WHAT TO WORK ON :: Each line in the data holding "Plane" should be listed.
****************
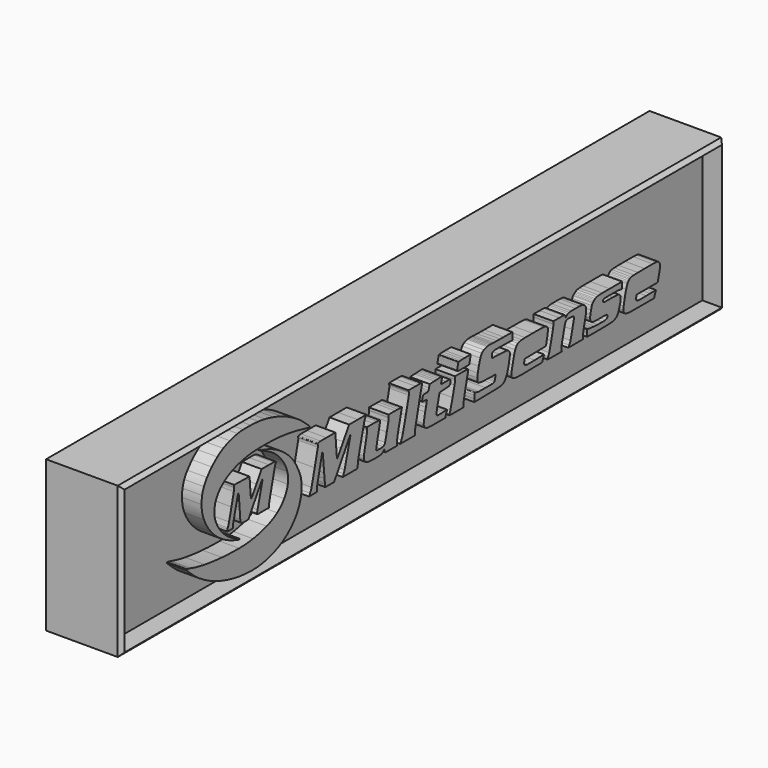
from build123d import *

# Parameters (mm, degrees)
F0_W     = 1000
F0_H     = 200
F1_DEPTH = 100
F2_SIZE  = 5
F3_W     = 990
F3_H     = 190
F4_DEPTH = 26


# Not quite as in the source:
# - ends of sketch curves that miss each other by under 0.0002 mm in the source are joined
# - a feature names something its author has since deleted; it is built from what else it names


with BuildPart() as f1:
    # F0 (on Right) → F1 (new body)
    with BuildSketch(Plane.YZ):
        Rectangle(F0_W, F0_H)
    extrude(amount=F1_DEPTH)

    # F2
    f2_edges = [f1.edges().sort_by_distance(p)[0] for p in [
        (100, 0, 100),
        (100, -500, 0),
        (100, 0, -100),
        (100, 500, 0),
    ]]
    chamfer(f2_edges, length=F2_SIZE)

    # F3 (on face) → F4 (cut)
    with BuildSketch(Plane.YZ.offset(100)):
        Rectangle(F3_W, F3_H)
        with BuildLine():
            ThreePointArc((-246.6238000578, 36.1891009246), (-255.0022324585, 41.7724397208), (-264.0417310007, 46.2063169983))
            ThreePointArc((-264.0417310007, 46.2063169983), (-266.1311900085, 47.0822687591), (-268.2084582005, 47.9867505481))
            ThreePointArc((-268.2084582005, 47.9867505481), (-268.3872731234, 48.2435637092), (-268.2422412968, 48.5208604908))
            ThreePointArc((-268.2422412968, 48.5208604908), (-267.7219027868, 48.7040052158), (-267.1717190083, 48.664106971))
            ThreePointArc((-267.1717190083, 48.664106971), (-264.7541220183, 47.9610524258), (-262.3439659438, 47.2328981825))
            ThreePointArc((-262.3439659438, 47.2328981825), (-255.75593138, 44.9664178565), (-249.3303629782, 42.2736120476))
            ThreePointArc((-249.3303629782, 42.2736120476), (-243.2724946687, 39.2332779494), (-237.4459938241, 35.7701452733))
            ThreePointArc((-237.4459938241, 35.7701452733), (-231.9833169046, 31.9676435498), (-226.8105147999, 27.7793292296))
            ThreePointArc((-226.8105147999, 27.7793292296), (-221.9912407206, 23.2545941628), (-217.5197788497, 18.3858511281))
            ThreePointArc((-217.5197788497, 18.3858511281), (-215.1211615749, 15.3479015259), (-212.9571917947, 12.1385811275))
            ThreePointArc((-212.9571917947, 12.1385811275), (-210.551378863, 8.0777492735), (-208.3170854587, 3.9200787657))
            ThreePointArc((-208.3170854587, 3.9200787657), (-206.3034941374, -0.2333235715), (-204.4645975596, -4.4669698195))
            ThreePointArc((-204.4645975596, -4.4669698195), (-203.2897357301, -7.7656038054), (-202.4281872957, -11.1595720605))
            ThreePointArc((-202.4281872957, -11.1595720605), (-201.4259177378, -22.427417277), (-202.9762712082, -33.6330089467))
            ThreePointArc((-202.9762712082, -33.6330089467), (-207.0222607184, -44.6408161639), (-213.2073987966, -54.6050481569))
            ThreePointArc((-213.2073987966, -54.6050481569), (-221.8366037995, -63.8856917917), (-232.0161676249, -71.4335396171))
            ThreePointArc((-232.0161676249, -71.4335396171), (-244.1370514451, -77.6181065611), (-257.0404061571, -81.9387693814))
            ThreePointArc((-257.0404061571, -81.9387693814), (-270.6114261246, -84.4639864171), (-284.3949819924, -85.2142472745))
            ThreePointArc((-284.3949819924, -85.2142472745), (-299.6324440177, -84.3227142054), (-314.7141769617, -81.9740098137))
            ThreePointArc((-314.7141769617, -81.9740098137), (-330.0151774272, -78.0817139303), (-344.8877120438, -72.782818107))
            ThreePointArc((-344.8877120438, -72.782818107), (-358.728779644, -66.2660528114), (-371.8313622416, -58.368856358))
            ThreePointArc((-371.8313622416, -58.368856358), (-374.9598139965, -56.1511961597), (-377.9827638038, -53.7917467602))
            ThreePointArc((-377.9827638038, -53.7917467602), (-381.6312348274, -50.7314998561), (-385.2042696474, -47.5835046094))
            ThreePointArc((-385.2042696474, -47.5835046094), (-388.7304292554, -44.3731215462), (-392.2297245717, -41.1334775412))
            ThreePointArc((-392.2297245717, -41.1334775412), (-392.4946359393, -40.5378059234), (-392.2503369729, -39.9333880271))
            ThreePointArc((-392.2503369729, -39.9333880271), (-392.0561404098, -39.8152470349), (-391.8293690277, -39.7996141612))
            ThreePointArc((-391.8293690277, -39.7996141612), (-390.9140495548, -39.9639754318), (-390.0013508704, -40.1423163625))
            ThreePointArc((-390.0013508704, -40.1423163625), (-388.9004354267, -40.3814829677), (-387.8062738459, -40.6498594061))
            ThreePointArc((-387.8062738459, -40.6498594061), (-386.5485933112, -40.9877691973), (-385.2969390093, -41.3473590314))
            ThreePointArc((-385.2969390093, -41.3473590314), (-373.7956362594, -44.3337818819), (-362.1164649515, -46.5236776815))
            ThreePointArc((-362.1164649515, -46.5236776815), (-347.8641152603, -48.4083534741), (-333.5490410005, -49.7350500068))
            ThreePointArc((-333.5490410005, -49.7350500068), (-319.2853989301, -50.496519542), (-305.0028930005, -50.6998549053))
            ThreePointArc((-305.0028930005, -50.6998549053), (-293.441650452, -50.2168691086), (-281.9462639341, -48.8933534329))
            ThreePointArc((-281.9462639341, -48.8933534329), (-270.522988434, -46.6581983207), (-259.3285238155, -43.4689815573))
            ThreePointArc((-259.3285238155, -43.4689815573), (-250.3750955195, -39.7652434038), (-242.0511392763, -34.8060796045))
            ThreePointArc((-242.0511392763, -34.8060796045), (-235.7079253752, -29.4741069957), (-230.4110620023, -23.1015459984))
            ThreePointArc((-230.4110620023, -23.1015459984), (-226.6480526025, -16.2091628127), (-224.3981197798, -8.6856670414))
            ThreePointArc((-224.3981197798, -8.6856670414), (-223.9008357191, -1.0084254056), (-225.2628372448, 6.5633829245))
            ThreePointArc((-225.2628372448, 6.5633829245), (-228.5350244194, 14.7357690405), (-233.0907067004, 22.2684222164))
            ThreePointArc((-233.0907067004, 22.2684222164), (-239.3489333395, 29.7229287703), (-246.6238000578, 36.1891009246))
        make_face(mode=Mode.SUBTRACT)
        with BuildLine():
            ThreePointArc((-174.7018401151, 14.0705920271), (-174.5288066312, 15.8520182991), (-174.8362170291, 17.6152309908))
            ThreePointArc((-174.8362170291, 17.6152309908), (-174.8622722087, 18.2073855305), (-174.5871220561, 18.7323790518))
            ThreePointArc((-174.5871220561, 18.7323790518), (-174.0368384738, 19.1539275213), (-173.3770499191, 19.3665164291))
            ThreePointArc((-173.3770499191, 19.3665164291), (-171.798102369, 19.5368741513), (-170.2113269933, 19.6019971351))
            ThreePointArc((-170.2113269933, 19.6019971351), (-165.3776001532, 19.6302348378), (-160.5438, 19.6396489998))
            Line((-160.5438, 19.6396489998), (-145.608858, 19.639649))
            Line((-145.608858, 19.639649), (-144.343966, 3.639649))
            ThreePointArc((-144.343966, 3.639649), (-144.0962884679, 0.5716718243), (-143.8384015545, -2.4954640475))
            ThreePointArc((-143.8384015545, -2.4954640475), (-143.6096761479, -5.0785607207), (-143.36664886, -7.6603510834))
            ThreePointArc((-143.36664886, -7.6603510834), (-143.1436912653, -9.9532312874), (-142.919313494, -12.2459729503))
            ThreePointArc((-142.919313494, -12.2459729503), (-142.8783010175, -12.327499768), (-142.793157, -12.360351))
            ThreePointArc((-142.793157, -12.360351), (-142.6920587596, -12.3343745217), (-142.6160043003, -12.2628808097))
            ThreePointArc((-142.6160043003, -12.2628808097), (-141.1591567944, -9.9628213076), (-139.7031838583, -7.6622080896))
            ThreePointArc((-139.7031838583, -7.6622080896), (-138.0793333583, -5.0838383234), (-136.4658248264, -2.4989841079))
            ThreePointArc((-136.4658248264, -2.4989841079), (-134.5669888164, 0.5648690609), (-132.6756031958, 3.6333271203))
            Line((-132.6756031958, 3.6333271203), (-122.843966, 19.627006))
            Line((-122.843966, 19.627006), (-108.570914, 19.633327))
            Line((-108.570914, 19.633327), (-94.297861, 19.639649))
            Line((-94.297861, 19.639649), (-95.759344, 17.389649))
            ThreePointArc((-95.759344, 17.389649), (-96.8435272527, 15.3828466119), (-97.5910089736, 13.2278569932))
            ThreePointArc((-97.5910089736, 13.2278569932), (-100.2300256588, 2.944764842), (-102.8292478626, -7.3484580344))
            ThreePointArc((-102.8292478626, -7.3484580344), (-105.3240499629, -17.4199326533), (-107.7666081157, -27.5042049723))
            ThreePointArc((-107.7666081157, -27.5042049723), (-108.3156162068, -30.5257876099), (-108.5276931669, -33.5895099977))
            Line((-108.5276931669, -33.5895099977), (-108.579734, -37.360351))
            Line((-108.579734, -37.360351), (-120.945672, -37.360351))
            Line((-120.945672, -37.360351), (-133.311609, -37.360351))
            Line((-133.311609, -37.360351), (-131.786789, -34.110351))
            ThreePointArc((-131.786789, -34.110351), (-130.9369585949, -32.0751860313), (-130.2655961338, -29.9743812362))
            ThreePointArc((-130.2655961338, -29.9743812362), (-127.9075333412, -21.2798219374), (-125.5730053742, -12.5789139002))
            ThreePointArc((-125.5730053742, -12.5789139002), (-123.0704426319, -3.1909836778), (-120.5728943872, 6.1982818372))
            ThreePointArc((-120.5728943872, 6.1982818372), (-120.6339116845, 6.5025434885), (-120.9123, 6.639649))
            ThreePointArc((-120.9123, 6.639649), (-121.0170732669, 6.6123791239), (-121.0952571029, 6.5374900634))
            ThreePointArc((-121.0952571029, 6.5374900634), (-123.05447176, 3.3575349389), (-125.0129869412, 0.1771489638))
            ThreePointArc((-125.0129869412, 0.1771489638), (-127.1897075437, -3.3705687245), (-129.3555760622, -6.9249219623))
            ThreePointArc((-129.3555760622, -6.9249219623), (-131.9100848721, -11.1402796116), (-134.4567992039, -15.3603508772))
            Line((-134.4567992039, -15.3603508772), (-147.705562, -37.360351))
            Line((-147.705562, -37.360351), (-154.979451, -37.360351))
            Line((-154.979451, -37.360351), (-162.25334, -37.360351))
            Line((-162.25334, -37.360351), (-162.760776, -34.110351))
            ThreePointArc((-162.760776, -34.110351), (-162.9107585781, -33.0591277623), (-163.0330110102, -32.004320001))
            ThreePointArc((-163.0330110102, -32.004320001), (-163.3101001353, -29.273344058), (-163.5811588046, -26.5417629808))
            ThreePointArc((-163.5811588046, -26.5417629808), (-163.8961688648, -23.2819197125), (-164.2015999848, -20.0211649986))
            ThreePointArc((-164.2015999848, -20.0211649986), (-164.5253336731, -16.465332125), (-164.8410009488, -12.9087740831))
            ThreePointArc((-164.8410009488, -12.9087740831), (-165.1490364856, -9.4551931792), (-165.4679088818, -6.0025959889))
            ThreePointArc((-165.4679088818, -6.0025959889), (-165.7511968306, -3.0669928077), (-166.0493879522, -0.132865995))
            ThreePointArc((-166.0493879522, -0.132865995), (-166.3208571519, 2.4624010871), (-166.5944230956, 5.0574479899))
            ThreePointArc((-166.5944230956, 5.0574479899), (-166.6429829681, 5.2292792572), (-166.7460646389, 5.3750813611))
            ThreePointArc((-166.7460646389, 5.3750813611), (-167.0844597869, 5.4636849239), (-167.3275310693, 5.2121330169))
            ThreePointArc((-167.3275310693, 5.2121330169), (-169.5531744189, -3.9427367497), (-171.7704491797, -13.0996369566))
            ThreePointArc((-171.7704491797, -13.0996369566), (-173.838625297, -21.7166592084), (-175.8799409879, -30.3400840029))
            ThreePointArc((-175.8799409879, -30.3400840029), (-176.2275732978, -32.3275396649), (-176.343966, -34.341809))
            Line((-176.343966, -34.341809), (-176.343966, -37.360351))
            Line((-176.343966, -37.360351), (-182.810241, -37.360351))
            Line((-182.810241, -37.360351), (-189.276516, -37.360351))
            Line((-189.276516, -37.360351), (-187.423727, -34.110351))
            ThreePointArc((-187.423727, -34.110351), (-186.0478869675, -31.2722635114), (-185.0619934039, -28.2763178964))
            ThreePointArc((-185.0619934039, -28.2763178964), (-182.4403880481, -17.925494631), (-179.8833388541, -7.5585347922))
            ThreePointArc((-179.8833388541, -7.5585347922), (-177.2732199659, 3.2513884324), (-174.7018401151, 14.0705920271))
        make_face(mode=Mode.SUBTRACT)
        with BuildLine():
            ThreePointArc((-92.8820085608, 0.7789769433), (-92.8555492874, 1.5381745527), (-92.9708167067, 2.2890370736))
            Line((-92.9708167067, 2.2890370736), (-93.560783, 4.639649))
            Line((-93.560783, 4.639649), (-82.452375, 4.639649))
            ThreePointArc((-82.452375, 4.639649), (-79.5692857083, 4.6256589691), (-76.6864680002, 4.5836869916))
            ThreePointArc((-76.6864680002, 4.5836869916), (-75.1287207374, 4.5121189787), (-73.5769520517, 4.3581305901))
            ThreePointArc((-73.5769520517, 4.3581305901), (-72.7019959607, 4.2003743806), (-71.8486289714, 3.9509750816))
            ThreePointArc((-71.8486289714, 3.9509750816), (-71.4829329227, 3.675455544), (-71.343966, 3.239184))
            ThreePointArc((-71.343966, 3.239184), (-71.370292438, 2.7365856799), (-71.4489819583, 2.2394879911))
            ThreePointArc((-71.4489819583, 2.2394879911), (-71.9091414316, 0.0885075025), (-72.3754332875, -2.0611519372))
            ThreePointArc((-72.3754332875, -2.0611519372), (-72.9352375059, -4.5885887792), (-73.5098987944, -7.1126890475))
            ThreePointArc((-73.5098987944, -7.1126890475), (-74.1768670893, -9.9766475695), (-74.8553424273, -12.8379018978))
            ThreePointArc((-74.8553424273, -12.8379018978), (-75.5211841502, -15.6807219843), (-76.1599101484, -18.5297569675))
            ThreePointArc((-76.1599101484, -18.5297569675), (-76.6819973595, -20.9983559149), (-77.1676976513, -23.4743710657))
            ThreePointArc((-77.1676976513, -23.4743710657), (-77.5591822036, -25.5855429243), (-77.9380302439, -27.699018957))
            ThreePointArc((-77.9380302439, -27.699018957), (-77.9351205503, -28.0812660319), (-77.7963248707, -28.4374359201))
            ThreePointArc((-77.7963248707, -28.4374359201), (-77.1639553329, -29.0550222177), (-76.316013967, -29.3046202272))
            ThreePointArc((-76.316013967, -29.3046202272), (-73.8072006791, -29.3687719786), (-71.2976590017, -29.3473199346))
            ThreePointArc((-71.2976590017, -29.3473199346), (-68.7967844857, -29.2369885562), (-66.3016960138, -29.034306862))
            ThreePointArc((-66.3016960138, -29.034306862), (-65.3291404192, -28.7396605794), (-64.5411655861, -28.0979623435))
            ThreePointArc((-64.5411655861, -28.0979623435), (-63.7291730222, -26.8688900483), (-63.2019316871, -25.4934020823))
            ThreePointArc((-63.2019316871, -25.4934020823), (-61.7711663359, -19.9665618492), (-60.3827667736, -14.4289270559))
            ThreePointArc((-60.3827667736, -14.4289270559), (-59.0917996717, -9.058422133), (-57.8645512293, -3.6729991708))
            ThreePointArc((-57.8645512293, -3.6729991708), (-57.4745015081, -1.3101306124), (-57.343966, 1.081155))
            Line((-57.343966, 1.081155), (-57.343966, 4.639649))
            Line((-57.343966, 4.639649), (-46.343966, 4.639649))
            ThreePointArc((-46.343966, 4.639649), (-44.2349572127, 4.6315456778), (-42.1260730001, 4.607232993))
            ThreePointArc((-42.1260730001, 4.607232993), (-40.3503241981, 4.568564733), (-38.5752160227, 4.5071644458))
            ThreePointArc((-38.5752160227, 4.5071644458), (-37.0467998485, 4.4419856165), (-35.5186059933, 4.3717871409))
            ThreePointArc((-35.5186059933, 4.3717871409), (-35.3946240422, 4.3151724942), (-35.343966, 4.18864))
            ThreePointArc((-35.343966, 4.18864), (-35.3545141697, 4.0101720375), (-35.3860111042, 3.8341890251))
            ThreePointArc((-35.3860111042, 3.8341890251), (-36.0240723623, 1.1839431843), (-36.6628125832, -1.4661391005))
            ThreePointArc((-36.6628125832, -1.4661391005), (-37.3850371054, -4.4495014263), (-38.1124575639, -7.4316011068))
            ThreePointArc((-38.1124575639, -7.4316011068), (-38.9711650013, -10.9304366782), (-39.8336576195, -14.428341094))
            ThreePointArc((-39.8336576195, -14.428341094), (-40.7224324489, -18.1079758675), (-41.5722052918, -21.7968129344))
            ThreePointArc((-41.5722052918, -21.7968129344), (-42.2538172532, -24.9539682129), (-42.8817329773, -28.1222400043))
            ThreePointArc((-42.8817329773, -28.1222400043), (-43.3537772844, -30.6981676106), (-43.7952699566, -33.2795070072))
            ThreePointArc((-43.7952699566, -33.2795070072), (-43.8474447965, -34.132015094), (-43.7252498407, -34.97733196))
            Line((-43.7252498407, -34.97733196), (-43.12715, -37.360351))
            Line((-43.12715, -37.360351), (-53.735558, -37.360351))
            ThreePointArc((-53.735558, -37.360351), (-57.0528891948, -37.3489981413), (-60.370065, -37.3149419997))
            ThreePointArc((-60.370065, -37.3149419997), (-61.5978913503, -37.2430294131), (-62.8143529612, -37.0615078014))
            ThreePointArc((-62.8143529612, -37.0615078014), (-63.4156948753, -36.8372007938), (-63.9126482503, -36.4310442202))
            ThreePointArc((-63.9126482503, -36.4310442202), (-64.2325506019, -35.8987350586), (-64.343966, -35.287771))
****************
EXERCISE SOLUTION ::
    with BuildSketch(Plane.YZ):
    with BuildSketch(Plane.YZ.offset(100)):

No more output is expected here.